Search the records below for the string "against" and copy each line where it turns up.

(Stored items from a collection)

========================================

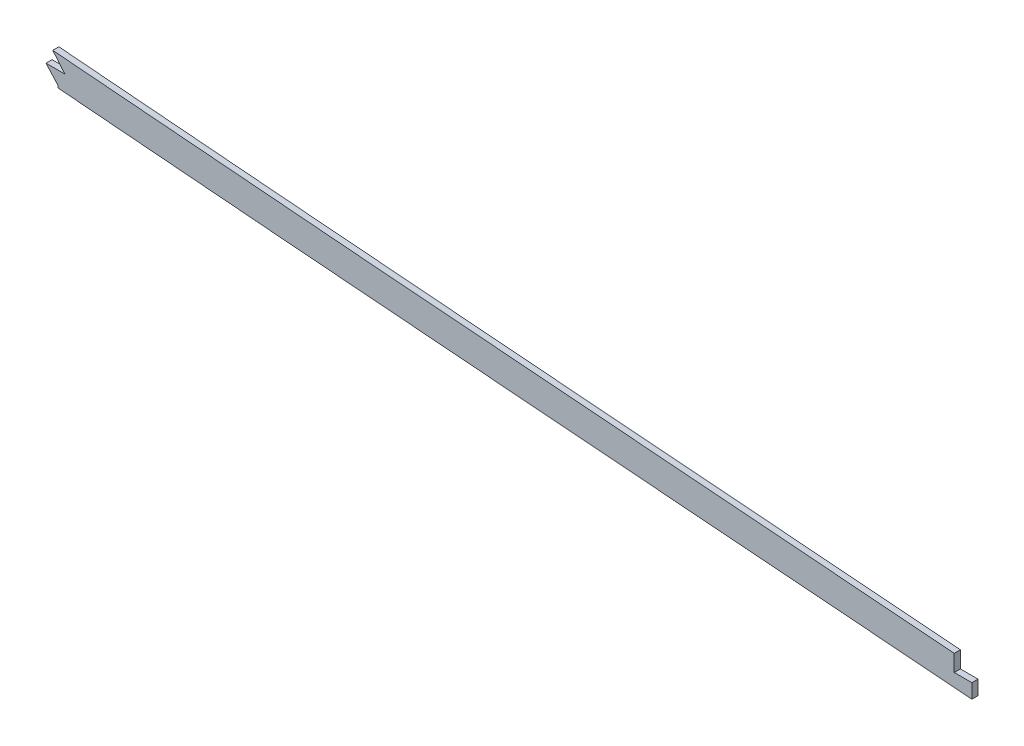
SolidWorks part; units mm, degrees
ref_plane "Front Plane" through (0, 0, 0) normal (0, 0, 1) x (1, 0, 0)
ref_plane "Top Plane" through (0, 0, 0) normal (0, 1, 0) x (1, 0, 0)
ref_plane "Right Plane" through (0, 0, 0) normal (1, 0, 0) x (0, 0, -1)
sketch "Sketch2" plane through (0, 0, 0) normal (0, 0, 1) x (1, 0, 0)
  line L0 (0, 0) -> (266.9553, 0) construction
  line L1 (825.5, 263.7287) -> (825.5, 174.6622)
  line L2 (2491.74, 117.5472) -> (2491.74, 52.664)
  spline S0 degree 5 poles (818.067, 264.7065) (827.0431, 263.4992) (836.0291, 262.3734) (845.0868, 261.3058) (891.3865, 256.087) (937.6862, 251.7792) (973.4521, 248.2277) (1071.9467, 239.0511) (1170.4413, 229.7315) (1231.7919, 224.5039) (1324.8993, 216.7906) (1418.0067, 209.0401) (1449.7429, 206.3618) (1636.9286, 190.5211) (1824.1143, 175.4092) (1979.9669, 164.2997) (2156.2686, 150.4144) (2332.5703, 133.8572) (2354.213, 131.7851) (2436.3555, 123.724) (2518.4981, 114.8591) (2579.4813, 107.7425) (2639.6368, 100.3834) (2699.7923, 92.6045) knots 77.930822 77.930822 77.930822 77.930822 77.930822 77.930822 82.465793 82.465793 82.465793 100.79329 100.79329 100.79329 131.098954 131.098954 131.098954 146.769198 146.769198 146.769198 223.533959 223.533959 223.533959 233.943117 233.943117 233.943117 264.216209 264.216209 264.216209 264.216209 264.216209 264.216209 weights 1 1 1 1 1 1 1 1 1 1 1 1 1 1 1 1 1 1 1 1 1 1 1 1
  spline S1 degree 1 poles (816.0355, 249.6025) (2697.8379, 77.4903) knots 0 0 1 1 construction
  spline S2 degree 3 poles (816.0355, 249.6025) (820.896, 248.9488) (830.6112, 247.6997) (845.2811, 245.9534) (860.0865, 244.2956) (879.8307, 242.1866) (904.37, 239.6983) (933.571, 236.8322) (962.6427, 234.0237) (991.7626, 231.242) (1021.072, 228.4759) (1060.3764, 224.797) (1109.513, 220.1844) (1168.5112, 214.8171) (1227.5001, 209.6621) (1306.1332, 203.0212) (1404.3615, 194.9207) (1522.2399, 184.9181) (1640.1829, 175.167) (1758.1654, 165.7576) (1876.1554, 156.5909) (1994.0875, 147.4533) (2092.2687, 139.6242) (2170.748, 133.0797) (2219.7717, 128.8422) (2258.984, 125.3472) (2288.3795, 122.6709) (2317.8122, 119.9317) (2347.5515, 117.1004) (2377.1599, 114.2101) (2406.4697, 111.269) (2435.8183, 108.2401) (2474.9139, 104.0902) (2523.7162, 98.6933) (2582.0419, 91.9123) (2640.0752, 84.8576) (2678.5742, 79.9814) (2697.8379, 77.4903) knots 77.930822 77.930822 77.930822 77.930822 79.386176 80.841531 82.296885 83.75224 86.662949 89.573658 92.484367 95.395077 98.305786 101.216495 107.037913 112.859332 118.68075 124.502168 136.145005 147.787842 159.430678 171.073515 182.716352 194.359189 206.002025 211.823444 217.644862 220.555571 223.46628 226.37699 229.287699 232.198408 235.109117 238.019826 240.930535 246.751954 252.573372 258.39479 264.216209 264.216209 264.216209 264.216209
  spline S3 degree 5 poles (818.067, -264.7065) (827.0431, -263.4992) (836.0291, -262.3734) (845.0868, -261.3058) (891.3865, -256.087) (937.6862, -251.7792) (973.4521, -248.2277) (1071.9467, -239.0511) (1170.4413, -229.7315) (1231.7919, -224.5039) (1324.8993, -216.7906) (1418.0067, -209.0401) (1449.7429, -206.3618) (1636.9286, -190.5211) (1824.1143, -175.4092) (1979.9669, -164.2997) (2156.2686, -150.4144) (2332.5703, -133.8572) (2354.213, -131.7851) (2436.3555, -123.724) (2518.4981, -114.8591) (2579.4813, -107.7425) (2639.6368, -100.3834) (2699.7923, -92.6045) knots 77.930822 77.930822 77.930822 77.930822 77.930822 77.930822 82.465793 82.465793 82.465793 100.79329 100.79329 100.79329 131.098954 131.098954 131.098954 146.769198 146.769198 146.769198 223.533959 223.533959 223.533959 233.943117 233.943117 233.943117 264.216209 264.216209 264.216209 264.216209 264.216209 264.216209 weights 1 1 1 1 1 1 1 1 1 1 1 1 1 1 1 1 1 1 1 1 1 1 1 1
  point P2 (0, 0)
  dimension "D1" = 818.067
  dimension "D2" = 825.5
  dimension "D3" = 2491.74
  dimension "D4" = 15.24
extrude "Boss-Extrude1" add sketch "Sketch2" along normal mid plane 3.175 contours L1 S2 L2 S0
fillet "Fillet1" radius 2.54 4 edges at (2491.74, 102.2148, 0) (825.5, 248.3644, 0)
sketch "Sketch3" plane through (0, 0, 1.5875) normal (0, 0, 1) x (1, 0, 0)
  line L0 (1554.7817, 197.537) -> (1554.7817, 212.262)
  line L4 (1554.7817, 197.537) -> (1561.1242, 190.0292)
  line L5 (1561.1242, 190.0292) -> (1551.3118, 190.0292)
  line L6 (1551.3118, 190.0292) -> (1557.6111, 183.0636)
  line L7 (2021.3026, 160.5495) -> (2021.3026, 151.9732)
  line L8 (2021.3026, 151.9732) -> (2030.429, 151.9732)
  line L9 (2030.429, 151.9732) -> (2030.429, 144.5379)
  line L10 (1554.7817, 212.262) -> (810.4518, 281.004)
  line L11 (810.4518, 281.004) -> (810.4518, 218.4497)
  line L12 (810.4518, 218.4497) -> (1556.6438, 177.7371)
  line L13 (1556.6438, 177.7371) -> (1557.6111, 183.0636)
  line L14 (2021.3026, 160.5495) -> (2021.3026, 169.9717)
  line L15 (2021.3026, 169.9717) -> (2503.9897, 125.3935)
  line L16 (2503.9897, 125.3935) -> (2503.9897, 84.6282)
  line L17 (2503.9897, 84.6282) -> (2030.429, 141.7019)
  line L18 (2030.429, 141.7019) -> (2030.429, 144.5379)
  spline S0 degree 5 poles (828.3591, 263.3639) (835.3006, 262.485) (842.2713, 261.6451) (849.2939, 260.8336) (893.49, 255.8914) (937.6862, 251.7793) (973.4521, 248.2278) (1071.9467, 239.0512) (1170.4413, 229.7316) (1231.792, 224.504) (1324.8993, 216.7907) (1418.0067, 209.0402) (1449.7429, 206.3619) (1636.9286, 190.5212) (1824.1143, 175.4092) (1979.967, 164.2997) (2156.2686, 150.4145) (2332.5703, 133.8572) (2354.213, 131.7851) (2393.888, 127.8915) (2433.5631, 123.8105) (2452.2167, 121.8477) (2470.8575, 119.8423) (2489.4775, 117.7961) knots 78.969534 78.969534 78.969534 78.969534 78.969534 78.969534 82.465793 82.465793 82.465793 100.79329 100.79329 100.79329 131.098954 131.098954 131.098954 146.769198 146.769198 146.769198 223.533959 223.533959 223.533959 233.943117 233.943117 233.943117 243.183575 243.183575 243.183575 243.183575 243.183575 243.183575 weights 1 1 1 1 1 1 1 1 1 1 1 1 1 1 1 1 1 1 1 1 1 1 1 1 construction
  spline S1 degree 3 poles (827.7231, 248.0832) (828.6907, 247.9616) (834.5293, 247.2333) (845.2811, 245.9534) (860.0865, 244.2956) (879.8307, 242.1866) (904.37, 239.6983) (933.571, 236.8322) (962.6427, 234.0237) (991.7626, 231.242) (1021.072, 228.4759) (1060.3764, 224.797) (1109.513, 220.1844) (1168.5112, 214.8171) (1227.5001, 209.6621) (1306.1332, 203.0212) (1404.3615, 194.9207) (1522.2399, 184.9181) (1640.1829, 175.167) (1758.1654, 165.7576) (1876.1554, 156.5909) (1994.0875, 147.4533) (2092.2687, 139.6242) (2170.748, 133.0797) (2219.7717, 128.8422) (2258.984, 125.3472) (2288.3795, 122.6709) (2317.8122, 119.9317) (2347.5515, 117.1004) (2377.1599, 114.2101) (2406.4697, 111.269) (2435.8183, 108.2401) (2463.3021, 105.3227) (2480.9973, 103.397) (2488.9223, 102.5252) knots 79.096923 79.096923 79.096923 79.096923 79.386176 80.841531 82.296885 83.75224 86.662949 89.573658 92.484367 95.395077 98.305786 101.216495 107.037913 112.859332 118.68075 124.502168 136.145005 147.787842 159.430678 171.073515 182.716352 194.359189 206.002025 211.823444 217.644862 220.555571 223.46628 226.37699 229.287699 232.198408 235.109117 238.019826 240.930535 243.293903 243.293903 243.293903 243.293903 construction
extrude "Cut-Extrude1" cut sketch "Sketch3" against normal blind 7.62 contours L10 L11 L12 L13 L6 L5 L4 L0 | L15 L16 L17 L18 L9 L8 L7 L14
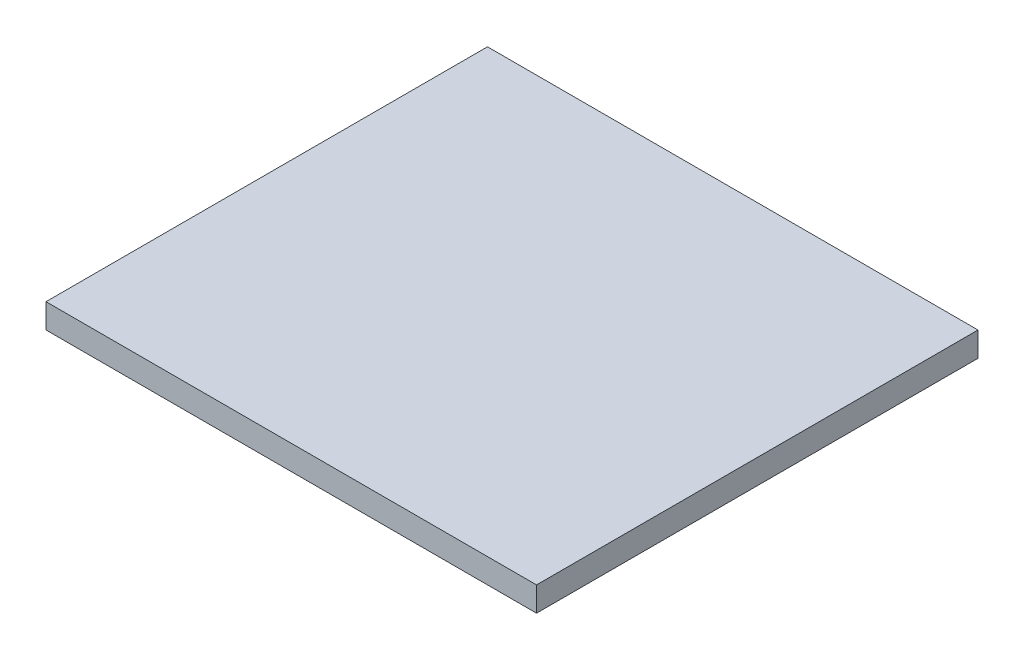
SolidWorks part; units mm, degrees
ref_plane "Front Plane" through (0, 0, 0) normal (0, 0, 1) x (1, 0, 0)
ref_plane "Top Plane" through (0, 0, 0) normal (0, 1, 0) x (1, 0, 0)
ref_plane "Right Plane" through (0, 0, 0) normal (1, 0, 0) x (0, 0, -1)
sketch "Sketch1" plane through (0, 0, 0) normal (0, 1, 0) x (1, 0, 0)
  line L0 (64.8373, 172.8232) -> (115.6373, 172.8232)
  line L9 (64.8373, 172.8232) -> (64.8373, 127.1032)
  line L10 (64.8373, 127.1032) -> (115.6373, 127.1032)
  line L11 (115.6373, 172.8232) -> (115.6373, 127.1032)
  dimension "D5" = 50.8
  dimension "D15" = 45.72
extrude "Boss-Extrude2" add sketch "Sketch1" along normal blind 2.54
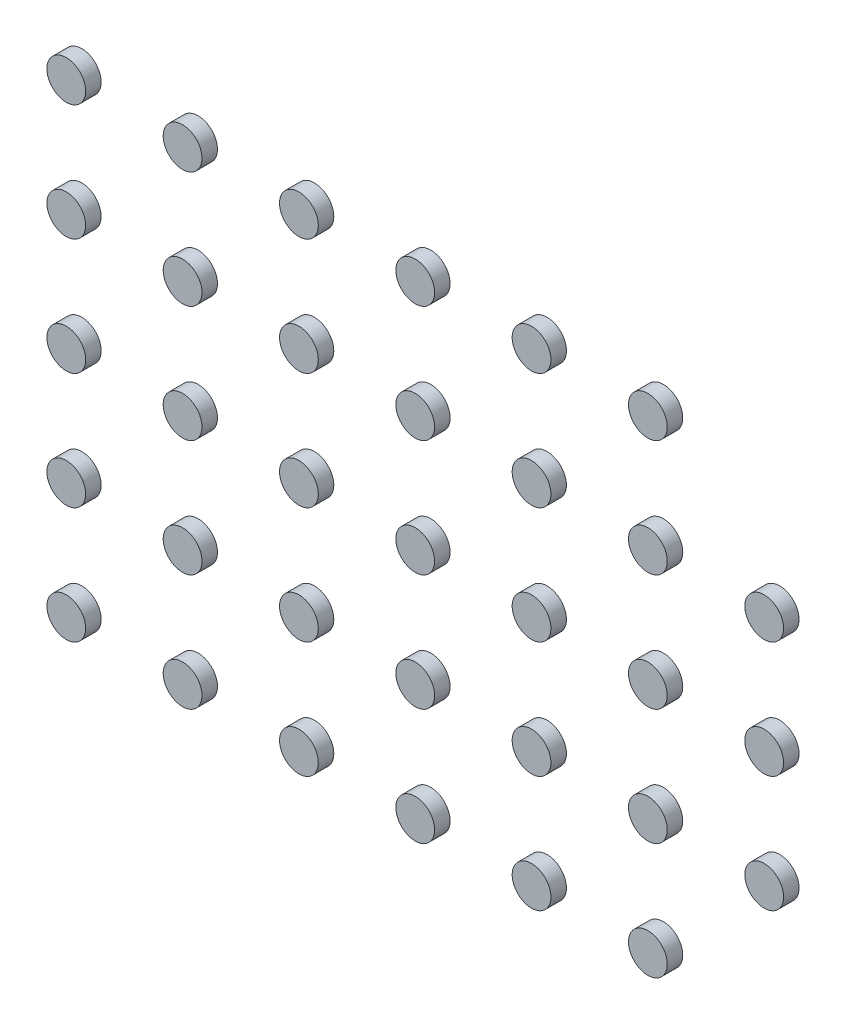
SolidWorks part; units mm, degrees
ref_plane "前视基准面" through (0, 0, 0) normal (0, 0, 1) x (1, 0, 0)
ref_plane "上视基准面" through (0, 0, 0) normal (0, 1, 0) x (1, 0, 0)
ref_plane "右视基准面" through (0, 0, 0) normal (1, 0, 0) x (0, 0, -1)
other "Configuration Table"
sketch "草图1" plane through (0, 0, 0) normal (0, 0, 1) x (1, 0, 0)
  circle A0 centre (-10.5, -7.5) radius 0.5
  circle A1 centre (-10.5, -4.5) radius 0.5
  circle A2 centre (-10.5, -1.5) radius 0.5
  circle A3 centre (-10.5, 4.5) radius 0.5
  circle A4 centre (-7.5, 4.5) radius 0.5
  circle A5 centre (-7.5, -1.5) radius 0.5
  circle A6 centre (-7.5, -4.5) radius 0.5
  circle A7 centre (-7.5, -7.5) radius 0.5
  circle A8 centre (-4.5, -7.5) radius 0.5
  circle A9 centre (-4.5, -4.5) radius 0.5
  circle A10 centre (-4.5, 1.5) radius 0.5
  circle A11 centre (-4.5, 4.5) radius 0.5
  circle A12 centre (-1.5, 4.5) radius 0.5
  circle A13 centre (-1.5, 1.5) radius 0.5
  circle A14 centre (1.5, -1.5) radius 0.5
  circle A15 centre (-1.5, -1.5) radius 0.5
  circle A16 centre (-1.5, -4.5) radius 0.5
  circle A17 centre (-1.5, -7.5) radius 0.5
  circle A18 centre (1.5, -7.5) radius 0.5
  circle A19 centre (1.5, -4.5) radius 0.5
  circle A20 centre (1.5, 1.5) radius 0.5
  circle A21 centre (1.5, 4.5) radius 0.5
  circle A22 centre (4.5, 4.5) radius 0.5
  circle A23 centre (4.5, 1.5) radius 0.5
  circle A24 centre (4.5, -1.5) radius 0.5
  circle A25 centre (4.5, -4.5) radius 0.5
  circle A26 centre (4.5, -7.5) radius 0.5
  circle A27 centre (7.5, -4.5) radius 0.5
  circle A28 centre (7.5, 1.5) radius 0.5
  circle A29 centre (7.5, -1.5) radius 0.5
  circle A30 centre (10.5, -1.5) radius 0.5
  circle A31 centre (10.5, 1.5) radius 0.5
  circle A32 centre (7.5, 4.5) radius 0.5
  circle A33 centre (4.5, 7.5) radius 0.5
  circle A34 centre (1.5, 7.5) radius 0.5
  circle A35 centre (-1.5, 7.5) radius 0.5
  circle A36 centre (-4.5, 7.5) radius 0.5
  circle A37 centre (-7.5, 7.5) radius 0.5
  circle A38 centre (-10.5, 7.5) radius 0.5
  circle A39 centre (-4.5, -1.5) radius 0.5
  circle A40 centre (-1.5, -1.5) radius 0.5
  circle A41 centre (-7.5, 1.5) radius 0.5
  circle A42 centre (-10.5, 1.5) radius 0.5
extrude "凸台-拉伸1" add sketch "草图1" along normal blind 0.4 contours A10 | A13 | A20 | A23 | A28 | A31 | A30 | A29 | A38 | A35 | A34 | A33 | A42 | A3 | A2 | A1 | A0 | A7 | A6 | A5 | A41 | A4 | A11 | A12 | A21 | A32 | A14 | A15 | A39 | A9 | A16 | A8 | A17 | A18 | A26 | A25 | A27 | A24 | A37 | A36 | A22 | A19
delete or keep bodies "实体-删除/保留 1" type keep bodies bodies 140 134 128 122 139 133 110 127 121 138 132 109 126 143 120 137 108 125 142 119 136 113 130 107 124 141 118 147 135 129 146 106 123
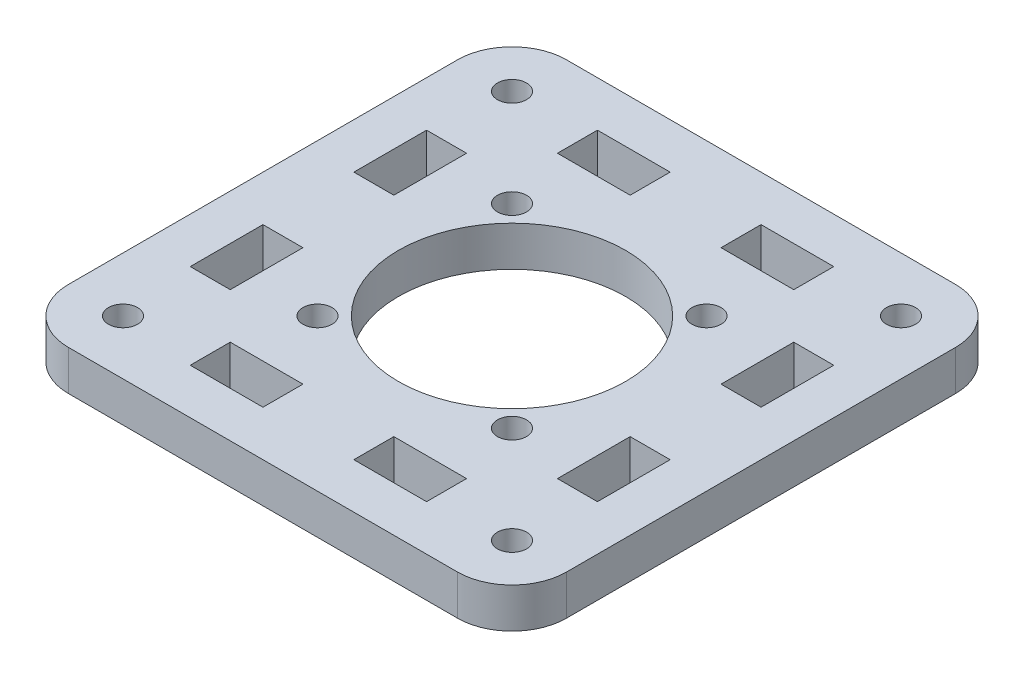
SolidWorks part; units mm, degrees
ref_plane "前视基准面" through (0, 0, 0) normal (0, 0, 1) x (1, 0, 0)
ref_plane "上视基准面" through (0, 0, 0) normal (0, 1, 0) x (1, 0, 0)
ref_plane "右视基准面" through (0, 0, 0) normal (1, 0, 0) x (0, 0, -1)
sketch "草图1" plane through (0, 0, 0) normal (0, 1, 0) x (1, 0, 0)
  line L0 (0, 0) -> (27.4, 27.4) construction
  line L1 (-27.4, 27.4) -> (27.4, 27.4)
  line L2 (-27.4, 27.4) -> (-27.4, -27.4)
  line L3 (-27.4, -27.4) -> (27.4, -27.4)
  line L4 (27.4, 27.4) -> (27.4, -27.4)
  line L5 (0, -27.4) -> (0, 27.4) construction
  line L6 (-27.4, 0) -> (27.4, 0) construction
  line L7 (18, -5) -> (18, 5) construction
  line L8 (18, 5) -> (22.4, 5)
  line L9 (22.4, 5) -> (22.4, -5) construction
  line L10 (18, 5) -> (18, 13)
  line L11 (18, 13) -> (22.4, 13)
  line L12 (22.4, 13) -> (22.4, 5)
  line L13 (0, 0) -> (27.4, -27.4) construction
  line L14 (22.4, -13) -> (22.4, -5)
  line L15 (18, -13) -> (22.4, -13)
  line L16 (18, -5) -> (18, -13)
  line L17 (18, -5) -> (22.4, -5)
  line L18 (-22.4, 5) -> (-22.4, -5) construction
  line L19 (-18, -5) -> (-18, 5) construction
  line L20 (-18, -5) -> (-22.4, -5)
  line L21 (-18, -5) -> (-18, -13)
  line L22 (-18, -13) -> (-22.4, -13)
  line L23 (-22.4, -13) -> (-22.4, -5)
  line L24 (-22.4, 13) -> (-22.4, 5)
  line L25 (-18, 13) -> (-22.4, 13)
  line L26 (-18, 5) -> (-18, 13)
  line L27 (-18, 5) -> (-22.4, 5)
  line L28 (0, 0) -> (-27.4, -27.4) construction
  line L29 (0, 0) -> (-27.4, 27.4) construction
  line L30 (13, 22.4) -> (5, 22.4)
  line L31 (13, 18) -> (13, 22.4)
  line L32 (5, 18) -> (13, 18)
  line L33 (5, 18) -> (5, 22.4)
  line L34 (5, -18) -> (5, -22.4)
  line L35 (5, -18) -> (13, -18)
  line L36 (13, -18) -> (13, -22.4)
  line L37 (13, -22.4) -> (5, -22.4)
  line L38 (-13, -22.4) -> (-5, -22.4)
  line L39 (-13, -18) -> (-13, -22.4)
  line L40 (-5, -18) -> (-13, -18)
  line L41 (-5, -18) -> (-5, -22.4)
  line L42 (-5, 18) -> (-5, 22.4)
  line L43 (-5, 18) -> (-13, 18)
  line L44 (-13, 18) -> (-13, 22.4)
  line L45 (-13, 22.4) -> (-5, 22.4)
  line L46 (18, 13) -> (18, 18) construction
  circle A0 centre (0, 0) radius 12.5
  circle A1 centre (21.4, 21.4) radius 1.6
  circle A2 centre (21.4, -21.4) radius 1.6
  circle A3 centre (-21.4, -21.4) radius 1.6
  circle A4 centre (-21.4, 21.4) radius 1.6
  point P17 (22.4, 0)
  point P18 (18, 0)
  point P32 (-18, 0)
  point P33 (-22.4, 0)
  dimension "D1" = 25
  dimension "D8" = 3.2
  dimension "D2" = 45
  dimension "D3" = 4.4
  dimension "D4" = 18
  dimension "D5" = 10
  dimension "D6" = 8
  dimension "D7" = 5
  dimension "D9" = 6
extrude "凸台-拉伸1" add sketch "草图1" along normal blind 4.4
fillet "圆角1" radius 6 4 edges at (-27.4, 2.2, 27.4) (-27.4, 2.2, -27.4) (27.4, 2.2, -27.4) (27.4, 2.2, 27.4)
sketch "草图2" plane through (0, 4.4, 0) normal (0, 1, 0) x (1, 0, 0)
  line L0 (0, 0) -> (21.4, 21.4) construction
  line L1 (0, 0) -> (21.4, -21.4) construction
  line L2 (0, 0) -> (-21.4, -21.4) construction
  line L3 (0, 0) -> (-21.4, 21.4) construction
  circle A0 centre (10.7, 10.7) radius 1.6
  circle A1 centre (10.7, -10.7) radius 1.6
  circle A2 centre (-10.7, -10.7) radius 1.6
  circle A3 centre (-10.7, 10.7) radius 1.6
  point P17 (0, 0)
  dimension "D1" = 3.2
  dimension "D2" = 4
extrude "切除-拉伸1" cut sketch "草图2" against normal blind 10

========================================

• [YOUR SOLUTION]
extrude "Cut-Extrude1" cut sketch "Sketch3" against normal blind 7.62 contours L10 L11 L12 L13 L6 L5 L4 L0 | L15 L16 L17 L18 L9 L8 L7 L14
extrude "切除-拉伸1" cut sketch "草图2" against normal blind 10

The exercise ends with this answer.